EXERCISE: Please transcribe the data below exactly. Leave the pictures out.

START SOURCE MATERIAL

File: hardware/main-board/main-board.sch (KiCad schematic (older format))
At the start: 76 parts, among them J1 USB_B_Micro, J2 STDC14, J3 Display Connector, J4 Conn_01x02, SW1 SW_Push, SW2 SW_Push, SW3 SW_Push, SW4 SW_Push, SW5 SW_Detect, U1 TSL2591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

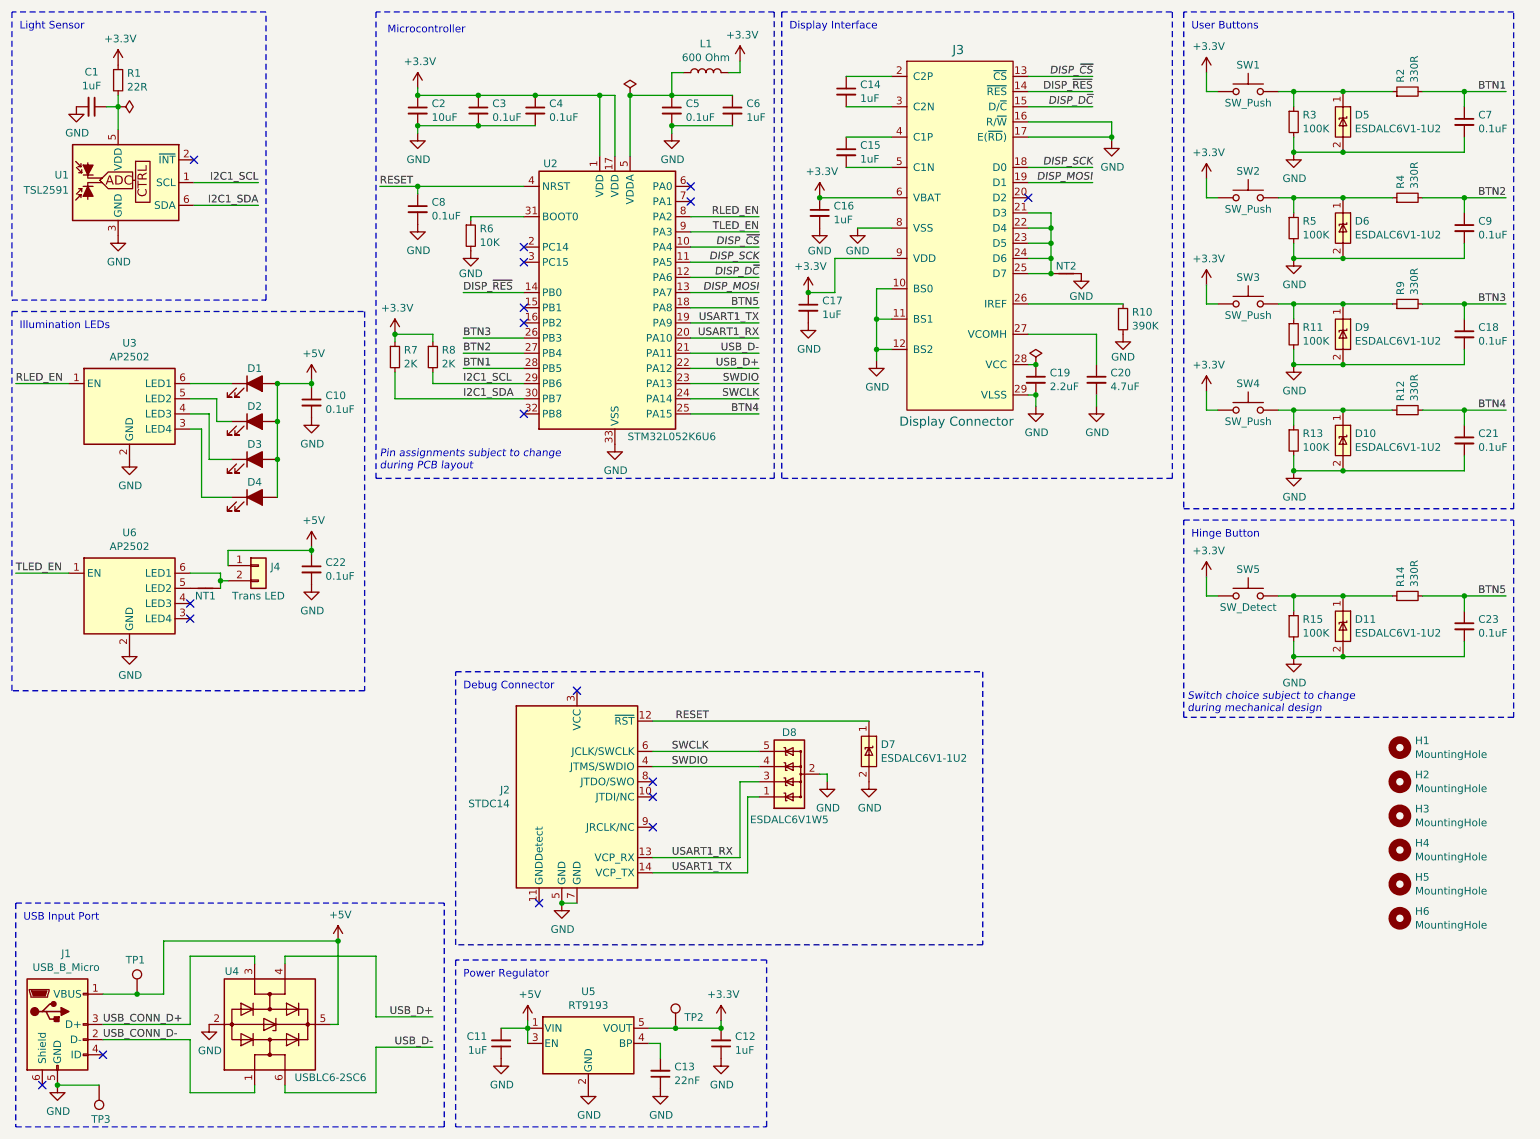
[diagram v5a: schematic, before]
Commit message: Power filtering changes
Added polyfuse and ferrite bead to Vbus power input.
Changed ferrite bead on VDDA to match the one used on the power input,
since they have similar specs and the other one was EOL.
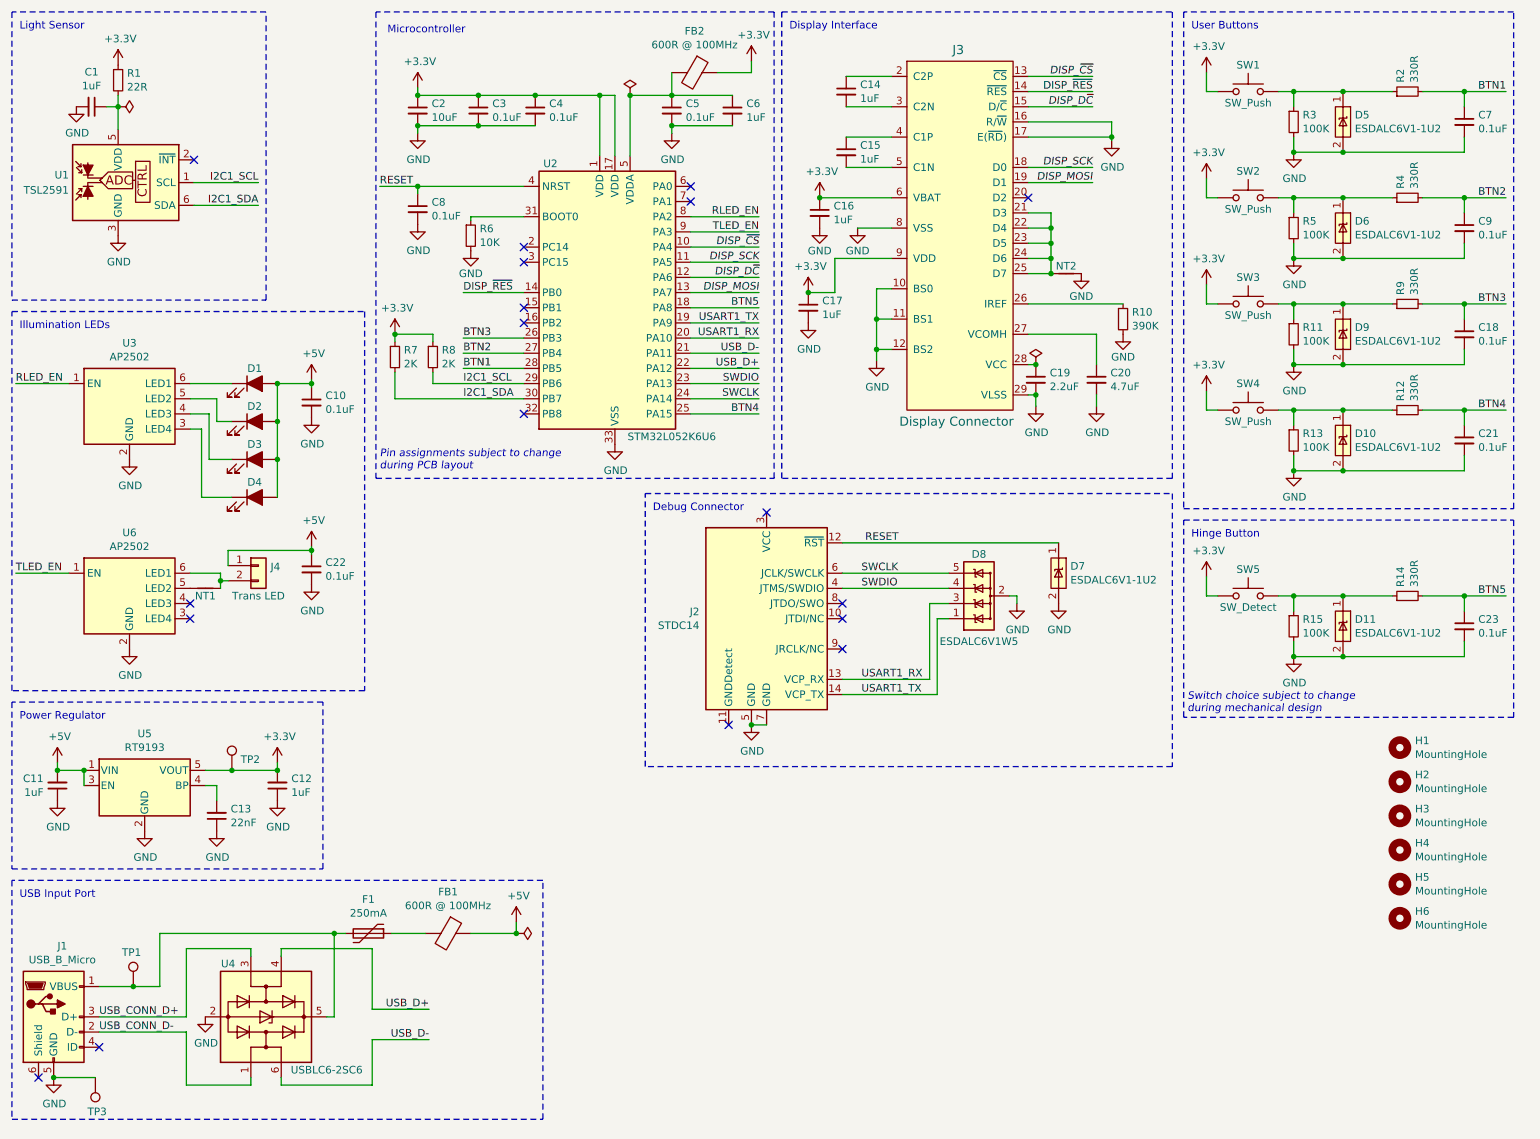
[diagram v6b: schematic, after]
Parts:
- removed L1: 600 Ohm, Inductor_SMD:L_0603_1608Metric, symbol Device:L
- added F1: 250mA, lib_fp:BF_0ZCJ_1206, symbol Device:Polyfuse
- added FB1, FB2: 600R @ 100MHz, Inductor_SMD:L_0603_1608Metric, symbol Device:Ferrite_Bead
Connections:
- net +3V3: now also FB2.1
- net +5V: now also FB1.1; no longer J1.1 (VBUS), TP1.1, U4.5 (VBUS)
- net at C5.1, C6.1, U2.5 (VDDA): now also FB2.2
- new net: F1.2, J1.1 (VBUS), TP1.1, U4.5 (VBUS)
- new net: F1.1, FB1.2
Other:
- moved on the sheet: C11, C12, C13, D7, D8, J1, J2, TP1, TP2, TP3, U4, U5

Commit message: Board layout work in progress
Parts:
- J4: footprint Connector_JST:JST_PH_B2B-PH-K_1x02_P2.00mm_Vertical -> Connector_JST:JST_SH_BM02B-SRSS-TB_1x02-1MP_P1.00mm_Vertical; Description CONN HEADER VERT 2POS 2MM -> CONN HEADER SMD 2POS 1MM; Manufacturer PN B2B-PH-K-S(LF)(SN) -> BM02B-SRSS-TB(LF)(SN); Supplier PN 455-1704-ND -> 455-1788-1-ND
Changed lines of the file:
@@
 F 0 "J4" H 2255 4192 50  0000 L CNN
 F 1 "Conn_01x02" H 1950 4000 50  0001 L CNN
-F 2 "Connector_JST:JST_PH_B2B-PH-K_1x02_P2.00mm_Vertical" H 2175 4200 50  0001 C CNN
+F 2 "Connector_JST:JST_SH_BM02B-SRSS-TB_1x02-1MP_P1.00mm_Vertical" H 2175 4200 50  0001 C CNN
 F 3 "http://www.jst-mfg.com/product/pdf/eng/ePH.pdf" H 2175 4200 50  0001 C CNN
 F 4 "Trans LED" H 2175 4000 50  0000 C CNN "User Label"
-F 5 "CONN HEADER VERT 2POS 2MM" H 2175 4200 50  0001 C CNN "Description"
+F 5 "CONN HEADER SMD 2POS 1MM" H 2175 4200 50  0001 C CNN "Description"
 F 6 "JST Sales America Inc." H 2175 4200 50  0001 C CNN "Manufacturer"
-F 7 "B2B-PH-K-S(LF)(SN)" H 2175 4200 50  0001 C CNN "Manufacturer PN"
+F 7 "BM02B-SRSS-TB(LF)(SN)" H 2175 4200 50  0001 C CNN "Manufacturer PN"
 F 8 "Digi-Key" H 2175 4200 50  0001 C CNN "Supplier"
-F 9 "455-1704-ND" H 2175 4200 50  0001 C CNN "Supplier PN"
+F 9 "455-1788-1-ND" H 2175 4200 50  0001 C CNN "Supplier PN"
 	1    2175 4200
 	1    0    0    -1

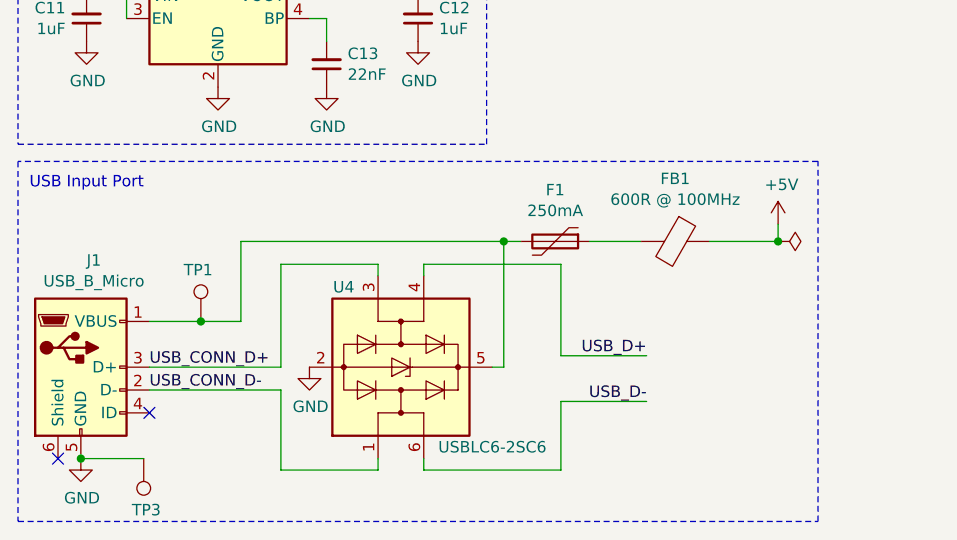
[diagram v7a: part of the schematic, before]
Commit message: More board layout work
Most components now placed, power and ground planes in place. Many areas
routed, but a lot of inter-section routing work is still TBD.
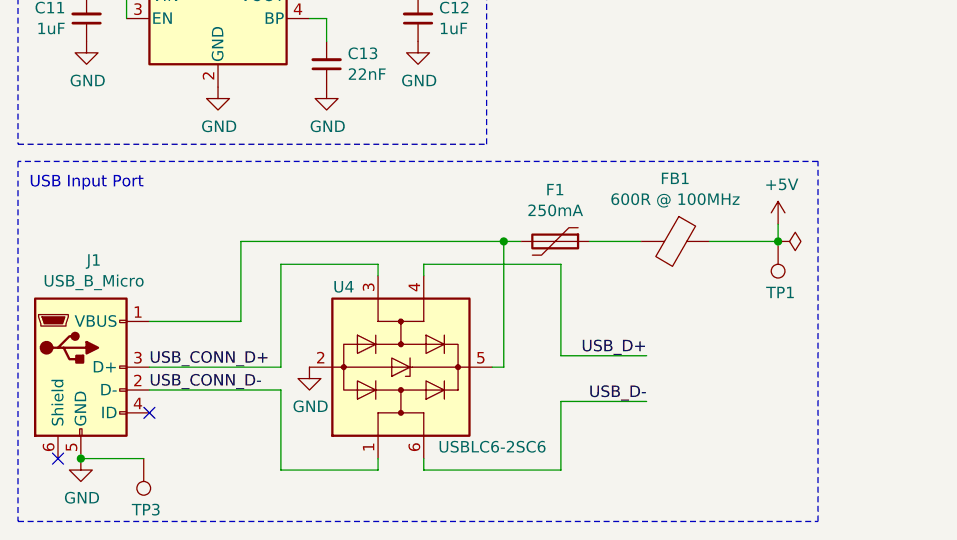
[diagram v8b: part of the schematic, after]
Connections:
- net +5V: now also TP1.1
- net at F1.2, J1.1 (VBUS), U4.5 (VBUS): no longer TP1.1
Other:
- moved on the sheet: TP1
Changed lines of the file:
@@
 L Connector:TestPoint TP1
 U 1 1 6066F1AB
-P 1350 6975
-F 0 "TP1" H 1275 7200 50  0000 L CNN
-F 1 "5V" H 1408 7002 50  0001 L CNN
-F 2 "TestPoint:TestPoint_Keystone_5005-5009_Compact" H 1550 6975 50  0001 C CNN
-F 3 "http://www.keyelco.com/product-pdf.cfm?p=1314" H 1550 6975 50  0001 C CNN
-F 4 "PC TEST POINT COMPACT BLACK" H 1350 6975 50  0001 C CNN "Description"
-F 5 "Keystone Electronics" H 1350 6975 50  0001 C CNN "Manufacturer"
-F 6 "5006" H 1350 6975 50  0001 C CNN "Manufacturer PN"
-F 7 "Digi-Key" H 1350 6975 50  0001 C CNN "Supplier"
-F 8 "36-5006-ND" H 1350 6975 50  0001 C CNN "Supplier PN"
-	1    1350 6975
-	1    0    0    -1
+P 3875 6625
+F 0 "TP1" H 3800 6850 50  0000 L CNN
+F 1 "5V" H 3933 6652 50  0001 L CNN
+F 2 "TestPoint:TestPoint_Keystone_5005-5009_Compact" H 4075 6625 50  0001 C CNN
+F 3 "http://www.keyelco.com/product-pdf.cfm?p=1314" H 4075 6625 50  0001 C CNN
+F 4 "PC TEST POINT COMPACT BLACK" H 3875 6625 50  0001 C CNN "Description"
+F 5 "Keystone Electronics" H 3875 6625 50  0001 C CNN "Manufacturer"
+F 6 "5006" H 3875 6625 50  0001 C CNN "Manufacturer PN"
+F 7 "Digi-Key" H 3875 6625 50  0001 C CNN "Supplier"
+F 8 "36-5006-ND" H 3875 6625 50  0001 C CNN "Supplier PN"
+	1    3875 6625
+	-1   0    0    1
 $EndComp
 NoConn ~ 725  7575
@@
 NoConn ~ 5025 1800
 NoConn ~ 1125 7375
-Connection ~ 1350 6975
-Wire Wire Line
-	1350 6975 1525 6975
 Wire Wire Line
 	1525 6975 1525 6625
@@
 	2675 7175 2625 7175
 Connection ~ 2675 6625
-Wire Wire Line
-	1125 6975 1350 6975
 $Comp
 L Device:C_Small C4
@@
 $EndComp
 Connection ~ 3875 6625
+Wire Wire Line
+	1125 6975 1525 6975
 $EndSCHEMATC

END SOURCE MATERIAL

WRITTEN RESPONSE:
File: hardware/main-board/main-board.sch (KiCad schematic (older format))
At the start: 76 parts, among them J1 USB_B_Micro, J2 STDC14, J3 Display Connector, J4 Conn_01x02, SW1 SW_Push, SW2 SW_Push, SW3 SW_Push, SW4 SW_Push, SW5 SW_Detect, U1 TSL2591

[diagram v5a: schematic, before]
Commit message: Power filtering changes
Added polyfuse and ferrite bead to Vbus power input.
Changed ferrite bead on VDDA to match the one used on the power input,
since they have similar specs and the other one was EOL.
[diagram v6b: schematic, after]
Parts:
- removed L1: 600 Ohm, Inductor_SMD:L_0603_1608Metric, symbol Device:L
- added F1: 250mA, lib_fp:BF_0ZCJ_1206, symbol Device:Polyfuse
- added FB1, FB2: 600R @ 100MHz, Inductor_SMD:L_0603_1608Metric, symbol Device:Ferrite_Bead
Connections:
- net +3V3: now also FB2.1
- net +5V: now also FB1.1; no longer J1.1 (VBUS), TP1.1, U4.5 (VBUS)
- net at C5.1, C6.1, U2.5 (VDDA): now also FB2.2
- new net: F1.2, J1.1 (VBUS), TP1.1, U4.5 (VBUS)
- new net: F1.1, FB1.2
Other:
- moved on the sheet: C11, C12, C13, D7, D8, J1, J2, TP1, TP2, TP3, U4, U5

Commit message: Board layout work in progress
Parts:
- J4: footprint Connector_JST:JST_PH_B2B-PH-K_1x02_P2.00mm_Vertical -> Connector_JST:JST_SH_BM02B-SRSS-TB_1x02-1MP_P1.00mm_Vertical; Description CONN HEADER VERT 2POS 2MM -> CONN HEADER SMD 2POS 1MM; Manufacturer PN B2B-PH-K-S(LF)(SN) -> BM02B-SRSS-TB(LF)(SN); Supplier PN 455-1704-ND -> 455-1788-1-ND
Changed lines of the file:
@@
 F 0 "J4" H 2255 4192 50  0000 L CNN
 F 1 "Conn_01x02" H 1950 4000 50  0001 L CNN
-F 2 "Connector_JST:JST_PH_B2B-PH-K_1x02_P2.00mm_Vertical" H 2175 4200 50  0001 C CNN
+F 2 "Connector_JST:JST_SH_BM02B-SRSS-TB_1x02-1MP_P1.00mm_Vertical" H 2175 4200 50  0001 C CNN
 F 3 "http://www.jst-mfg.com/product/pdf/eng/ePH.pdf" H 2175 4200 50  0001 C CNN
 F 4 "Trans LED" H 2175 4000 50  0000 C CNN "User Label"
-F 5 "CONN HEADER VERT 2POS 2MM" H 2175 4200 50  0001 C CNN "Description"
+F 5 "CONN HEADER SMD 2POS 1MM" H 2175 4200 50  0001 C CNN "Description"
 F 6 "JST Sales America Inc." H 2175 4200 50  0001 C CNN "Manufacturer"
-F 7 "B2B-PH-K-S(LF)(SN)" H 2175 4200 50  0001 C CNN "Manufacturer PN"
+F 7 "BM02B-SRSS-TB(LF)(SN)" H 2175 4200 50  0001 C CNN "Manufacturer PN"
 F 8 "Digi-Key" H 2175 4200 50  0001 C CNN "Supplier"
-F 9 "455-1704-ND" H 2175 4200 50  0001 C CNN "Supplier PN"
+F 9 "455-1788-1-ND" H 2175 4200 50  0001 C CNN "Supplier PN"
 	1    2175 4200
 	1    0    0    -1

[diagram v7a: part of the schematic, before]
Commit message: More board layout work
Most components now placed, power and ground planes in place. Many areas
routed, but a lot of inter-section routing work is still TBD.
[diagram v8b: part of the schematic, after]
Connections:
- net +5V: now also TP1.1
- net at F1.2, J1.1 (VBUS), U4.5 (VBUS): no longer TP1.1
Other:
- moved on the sheet: TP1
Changed lines of the file:
@@
 L Connector:TestPoint TP1
 U 1 1 6066F1AB
-P 1350 6975
-F 0 "TP1" H 1275 7200 50  0000 L CNN
-F 1 "5V" H 1408 7002 50  0001 L CNN
-F 2 "TestPoint:TestPoint_Keystone_5005-5009_Compact" H 1550 6975 50  0001 C CNN
-F 3 "http://www.keyelco.com/product-pdf.cfm?p=1314" H 1550 6975 50  0001 C CNN
-F 4 "PC TEST POINT COMPACT BLACK" H 1350 6975 50  0001 C CNN "Description"
-F 5 "Keystone Electronics" H 1350 6975 50  0001 C CNN "Manufacturer"
-F 6 "5006" H 1350 6975 50  0001 C CNN "Manufacturer PN"
-F 7 "Digi-Key" H 1350 6975 50  0001 C CNN "Supplier"
-F 8 "36-5006-ND" H 1350 6975 50  0001 C CNN "Supplier PN"
-	1    1350 6975
-	1    0    0    -1
+P 3875 6625
+F 0 "TP1" H 3800 6850 50  0000 L CNN
+F 1 "5V" H 3933 6652 50  0001 L CNN
+F 2 "TestPoint:TestPoint_Keystone_5005-5009_Compact" H 4075 6625 50  0001 C CNN
+F 3 "http://www.keyelco.com/product-pdf.cfm?p=1314" H 4075 6625 50  0001 C CNN
+F 4 "PC TEST POINT COMPACT BLACK" H 3875 6625 50  0001 C CNN "Description"
+F 5 "Keystone Electronics" H 3875 6625 50  0001 C CNN "Manufacturer"
+F 6 "5006" H 3875 6625 50  0001 C CNN "Manufacturer PN"
+F 7 "Digi-Key" H 3875 6625 50  0001 C CNN "Supplier"
+F 8 "36-5006-ND" H 3875 6625 50  0001 C CNN "Supplier PN"
+	1    3875 6625
+	-1   0    0    1
 $EndComp
 NoConn ~ 725  7575
@@
 NoConn ~ 5025 1800
 NoConn ~ 1125 7375
-Connection ~ 1350 6975
-Wire Wire Line
-	1350 6975 1525 6975
 Wire Wire Line
 	1525 6975 1525 6625
@@
 	2675 7175 2625 7175
 Connection ~ 2675 6625
-Wire Wire Line
-	1125 6975 1350 6975
 $Comp
 L Device:C_Small C4
@@
 $EndComp
 Connection ~ 3875 6625
+Wire Wire Line
+	1125 6975 1525 6975
 $EndSCHEMATC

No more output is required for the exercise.